Extracted records
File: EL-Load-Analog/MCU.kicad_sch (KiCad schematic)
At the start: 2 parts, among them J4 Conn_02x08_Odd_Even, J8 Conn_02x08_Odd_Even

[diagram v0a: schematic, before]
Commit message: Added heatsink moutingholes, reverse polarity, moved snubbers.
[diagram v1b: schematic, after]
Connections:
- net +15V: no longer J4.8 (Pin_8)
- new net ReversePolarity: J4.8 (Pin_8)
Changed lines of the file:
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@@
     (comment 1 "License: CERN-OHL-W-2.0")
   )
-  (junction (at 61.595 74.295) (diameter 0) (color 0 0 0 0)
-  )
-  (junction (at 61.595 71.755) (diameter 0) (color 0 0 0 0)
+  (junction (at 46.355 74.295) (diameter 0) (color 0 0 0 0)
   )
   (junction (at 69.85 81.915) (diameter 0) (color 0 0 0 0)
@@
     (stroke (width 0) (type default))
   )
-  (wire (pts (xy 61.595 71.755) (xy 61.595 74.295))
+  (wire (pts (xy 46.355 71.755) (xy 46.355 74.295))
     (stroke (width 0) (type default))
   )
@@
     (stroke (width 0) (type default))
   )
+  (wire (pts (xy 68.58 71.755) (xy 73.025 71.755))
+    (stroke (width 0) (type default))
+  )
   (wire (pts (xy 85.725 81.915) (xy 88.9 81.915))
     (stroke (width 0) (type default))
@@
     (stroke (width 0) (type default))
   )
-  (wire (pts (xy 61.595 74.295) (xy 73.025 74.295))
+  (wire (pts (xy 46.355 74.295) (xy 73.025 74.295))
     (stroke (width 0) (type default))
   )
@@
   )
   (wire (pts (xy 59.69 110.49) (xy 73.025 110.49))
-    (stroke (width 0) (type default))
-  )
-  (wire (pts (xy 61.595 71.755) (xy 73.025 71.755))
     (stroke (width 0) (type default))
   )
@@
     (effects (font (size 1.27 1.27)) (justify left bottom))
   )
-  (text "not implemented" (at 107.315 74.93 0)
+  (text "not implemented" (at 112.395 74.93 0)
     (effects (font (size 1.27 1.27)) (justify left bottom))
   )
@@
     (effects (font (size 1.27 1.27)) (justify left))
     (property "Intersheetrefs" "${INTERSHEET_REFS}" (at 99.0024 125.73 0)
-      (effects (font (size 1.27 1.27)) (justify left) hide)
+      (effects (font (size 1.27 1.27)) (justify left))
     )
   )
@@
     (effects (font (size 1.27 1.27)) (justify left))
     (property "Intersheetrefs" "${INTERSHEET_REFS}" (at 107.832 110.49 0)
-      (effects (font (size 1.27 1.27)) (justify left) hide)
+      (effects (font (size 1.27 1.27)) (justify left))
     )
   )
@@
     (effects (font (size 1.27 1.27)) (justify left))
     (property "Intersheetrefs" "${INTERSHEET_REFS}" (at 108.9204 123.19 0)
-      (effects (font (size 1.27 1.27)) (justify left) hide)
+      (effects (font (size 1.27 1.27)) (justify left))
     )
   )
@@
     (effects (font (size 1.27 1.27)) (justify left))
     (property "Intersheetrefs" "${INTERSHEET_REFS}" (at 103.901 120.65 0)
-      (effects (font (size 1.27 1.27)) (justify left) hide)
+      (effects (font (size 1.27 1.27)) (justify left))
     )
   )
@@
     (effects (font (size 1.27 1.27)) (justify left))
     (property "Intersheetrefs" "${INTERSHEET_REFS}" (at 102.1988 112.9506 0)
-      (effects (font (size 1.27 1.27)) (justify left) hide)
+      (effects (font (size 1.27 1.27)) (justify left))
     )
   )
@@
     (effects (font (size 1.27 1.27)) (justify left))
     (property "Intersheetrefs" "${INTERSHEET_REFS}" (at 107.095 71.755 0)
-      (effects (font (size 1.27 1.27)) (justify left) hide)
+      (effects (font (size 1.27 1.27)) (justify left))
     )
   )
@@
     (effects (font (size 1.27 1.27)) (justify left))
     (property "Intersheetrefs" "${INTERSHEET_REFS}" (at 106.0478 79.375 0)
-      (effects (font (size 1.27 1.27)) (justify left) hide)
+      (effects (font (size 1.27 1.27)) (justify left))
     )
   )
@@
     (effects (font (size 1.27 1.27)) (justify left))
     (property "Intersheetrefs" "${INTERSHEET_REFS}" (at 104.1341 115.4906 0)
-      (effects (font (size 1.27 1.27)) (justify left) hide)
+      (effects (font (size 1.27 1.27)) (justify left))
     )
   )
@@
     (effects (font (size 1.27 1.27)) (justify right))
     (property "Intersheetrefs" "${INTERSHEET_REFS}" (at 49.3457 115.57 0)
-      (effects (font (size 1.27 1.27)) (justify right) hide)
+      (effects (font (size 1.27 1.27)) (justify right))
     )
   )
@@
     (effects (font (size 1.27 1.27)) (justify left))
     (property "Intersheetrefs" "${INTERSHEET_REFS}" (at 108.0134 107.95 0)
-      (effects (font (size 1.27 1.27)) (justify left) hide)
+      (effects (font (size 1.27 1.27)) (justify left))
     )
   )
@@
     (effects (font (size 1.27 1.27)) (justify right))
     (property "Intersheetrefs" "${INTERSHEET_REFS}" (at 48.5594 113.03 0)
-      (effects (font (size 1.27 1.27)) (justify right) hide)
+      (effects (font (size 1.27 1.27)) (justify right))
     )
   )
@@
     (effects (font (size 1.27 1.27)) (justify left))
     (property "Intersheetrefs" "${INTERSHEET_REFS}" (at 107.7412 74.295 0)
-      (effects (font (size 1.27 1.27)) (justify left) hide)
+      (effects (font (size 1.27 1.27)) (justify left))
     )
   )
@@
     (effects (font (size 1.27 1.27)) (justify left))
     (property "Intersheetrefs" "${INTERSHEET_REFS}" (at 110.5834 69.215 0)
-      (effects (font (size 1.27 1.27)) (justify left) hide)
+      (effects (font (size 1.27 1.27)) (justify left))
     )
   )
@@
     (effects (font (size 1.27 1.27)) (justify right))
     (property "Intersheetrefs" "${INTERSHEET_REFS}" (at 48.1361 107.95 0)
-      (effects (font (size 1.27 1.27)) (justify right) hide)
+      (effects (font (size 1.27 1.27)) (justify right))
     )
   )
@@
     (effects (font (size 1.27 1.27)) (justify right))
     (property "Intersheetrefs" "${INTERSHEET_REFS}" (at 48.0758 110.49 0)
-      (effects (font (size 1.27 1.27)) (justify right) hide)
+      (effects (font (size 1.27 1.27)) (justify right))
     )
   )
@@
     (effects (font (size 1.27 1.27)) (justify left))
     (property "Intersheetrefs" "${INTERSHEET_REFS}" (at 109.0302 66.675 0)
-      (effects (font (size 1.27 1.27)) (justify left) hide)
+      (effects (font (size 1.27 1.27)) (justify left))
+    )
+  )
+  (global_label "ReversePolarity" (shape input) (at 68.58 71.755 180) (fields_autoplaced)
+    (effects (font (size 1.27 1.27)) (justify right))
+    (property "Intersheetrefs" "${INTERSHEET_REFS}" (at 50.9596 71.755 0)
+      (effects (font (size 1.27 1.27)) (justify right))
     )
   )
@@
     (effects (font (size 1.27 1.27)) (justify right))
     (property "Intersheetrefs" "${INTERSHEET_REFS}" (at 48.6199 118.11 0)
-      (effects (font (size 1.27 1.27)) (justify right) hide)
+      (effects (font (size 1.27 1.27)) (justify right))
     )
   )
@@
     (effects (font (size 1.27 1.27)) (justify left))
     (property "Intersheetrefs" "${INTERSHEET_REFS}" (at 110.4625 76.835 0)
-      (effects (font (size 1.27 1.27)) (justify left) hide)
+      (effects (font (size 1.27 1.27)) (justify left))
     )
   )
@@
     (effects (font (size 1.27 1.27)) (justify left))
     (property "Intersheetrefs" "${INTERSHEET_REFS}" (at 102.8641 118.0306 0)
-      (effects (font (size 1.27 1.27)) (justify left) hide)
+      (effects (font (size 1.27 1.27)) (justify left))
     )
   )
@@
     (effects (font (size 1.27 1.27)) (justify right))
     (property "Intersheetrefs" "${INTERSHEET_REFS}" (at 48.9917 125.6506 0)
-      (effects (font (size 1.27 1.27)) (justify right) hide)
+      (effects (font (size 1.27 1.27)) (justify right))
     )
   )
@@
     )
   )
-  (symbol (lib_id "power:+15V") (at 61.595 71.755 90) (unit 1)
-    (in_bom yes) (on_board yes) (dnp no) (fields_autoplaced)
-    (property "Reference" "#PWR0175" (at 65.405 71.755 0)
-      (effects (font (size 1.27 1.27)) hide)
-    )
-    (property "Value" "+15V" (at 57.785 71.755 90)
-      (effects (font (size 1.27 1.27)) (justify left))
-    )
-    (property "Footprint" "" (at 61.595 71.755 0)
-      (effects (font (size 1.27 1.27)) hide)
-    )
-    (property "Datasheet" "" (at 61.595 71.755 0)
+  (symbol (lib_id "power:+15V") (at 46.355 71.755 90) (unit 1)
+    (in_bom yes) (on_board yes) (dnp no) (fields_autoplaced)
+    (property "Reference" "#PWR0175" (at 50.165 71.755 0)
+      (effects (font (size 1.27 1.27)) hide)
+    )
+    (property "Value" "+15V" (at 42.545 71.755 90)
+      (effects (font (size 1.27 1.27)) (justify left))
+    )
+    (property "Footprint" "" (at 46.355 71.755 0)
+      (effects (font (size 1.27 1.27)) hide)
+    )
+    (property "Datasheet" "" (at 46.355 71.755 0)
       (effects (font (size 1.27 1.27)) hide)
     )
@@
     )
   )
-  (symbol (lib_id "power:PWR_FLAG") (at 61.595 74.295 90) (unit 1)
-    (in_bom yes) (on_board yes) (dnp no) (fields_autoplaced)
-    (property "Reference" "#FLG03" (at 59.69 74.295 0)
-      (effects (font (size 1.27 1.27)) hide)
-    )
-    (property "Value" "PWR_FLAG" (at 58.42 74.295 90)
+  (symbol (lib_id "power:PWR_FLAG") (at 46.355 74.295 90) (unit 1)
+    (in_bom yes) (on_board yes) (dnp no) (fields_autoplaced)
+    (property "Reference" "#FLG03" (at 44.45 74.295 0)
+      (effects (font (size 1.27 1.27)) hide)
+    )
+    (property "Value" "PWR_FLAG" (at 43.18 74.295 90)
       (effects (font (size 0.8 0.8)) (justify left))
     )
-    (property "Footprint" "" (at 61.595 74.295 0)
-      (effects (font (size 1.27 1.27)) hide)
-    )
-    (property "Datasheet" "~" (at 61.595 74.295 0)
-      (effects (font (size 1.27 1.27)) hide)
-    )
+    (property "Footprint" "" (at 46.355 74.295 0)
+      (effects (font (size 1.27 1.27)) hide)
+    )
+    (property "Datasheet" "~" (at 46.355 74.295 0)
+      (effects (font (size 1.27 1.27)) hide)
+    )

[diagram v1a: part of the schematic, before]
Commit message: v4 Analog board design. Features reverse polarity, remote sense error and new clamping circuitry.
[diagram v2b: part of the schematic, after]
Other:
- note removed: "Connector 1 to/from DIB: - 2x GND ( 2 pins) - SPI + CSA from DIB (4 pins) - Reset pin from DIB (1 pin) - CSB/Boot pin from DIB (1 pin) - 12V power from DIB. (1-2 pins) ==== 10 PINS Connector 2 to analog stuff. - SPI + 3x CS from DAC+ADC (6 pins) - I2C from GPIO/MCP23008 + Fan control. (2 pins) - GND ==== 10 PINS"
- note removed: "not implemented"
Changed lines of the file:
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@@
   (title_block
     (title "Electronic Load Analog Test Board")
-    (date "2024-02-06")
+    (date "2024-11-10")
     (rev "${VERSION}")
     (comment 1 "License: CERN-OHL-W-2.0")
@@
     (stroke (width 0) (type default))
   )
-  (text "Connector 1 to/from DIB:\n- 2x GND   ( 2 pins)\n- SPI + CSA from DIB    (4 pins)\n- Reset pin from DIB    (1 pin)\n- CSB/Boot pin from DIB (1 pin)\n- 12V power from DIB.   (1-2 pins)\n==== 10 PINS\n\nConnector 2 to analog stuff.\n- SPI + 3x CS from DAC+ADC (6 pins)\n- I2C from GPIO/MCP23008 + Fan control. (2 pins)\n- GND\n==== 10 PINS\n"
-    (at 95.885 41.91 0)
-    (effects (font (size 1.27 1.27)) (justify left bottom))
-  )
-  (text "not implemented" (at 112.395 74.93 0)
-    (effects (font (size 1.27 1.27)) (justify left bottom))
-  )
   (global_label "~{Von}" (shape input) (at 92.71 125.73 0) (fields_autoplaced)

• **Task prompt**: Make a copy of each line in the records above that has the word "Datasheet".

• **Finished exercise**:
-    (property "Datasheet" "" (at 61.595 71.755 0)
+    (property "Datasheet" "" (at 46.355 71.755 0)
-    (property "Datasheet" "~" (at 61.595 74.295 0)
+    (property "Datasheet" "~" (at 46.355 74.295 0)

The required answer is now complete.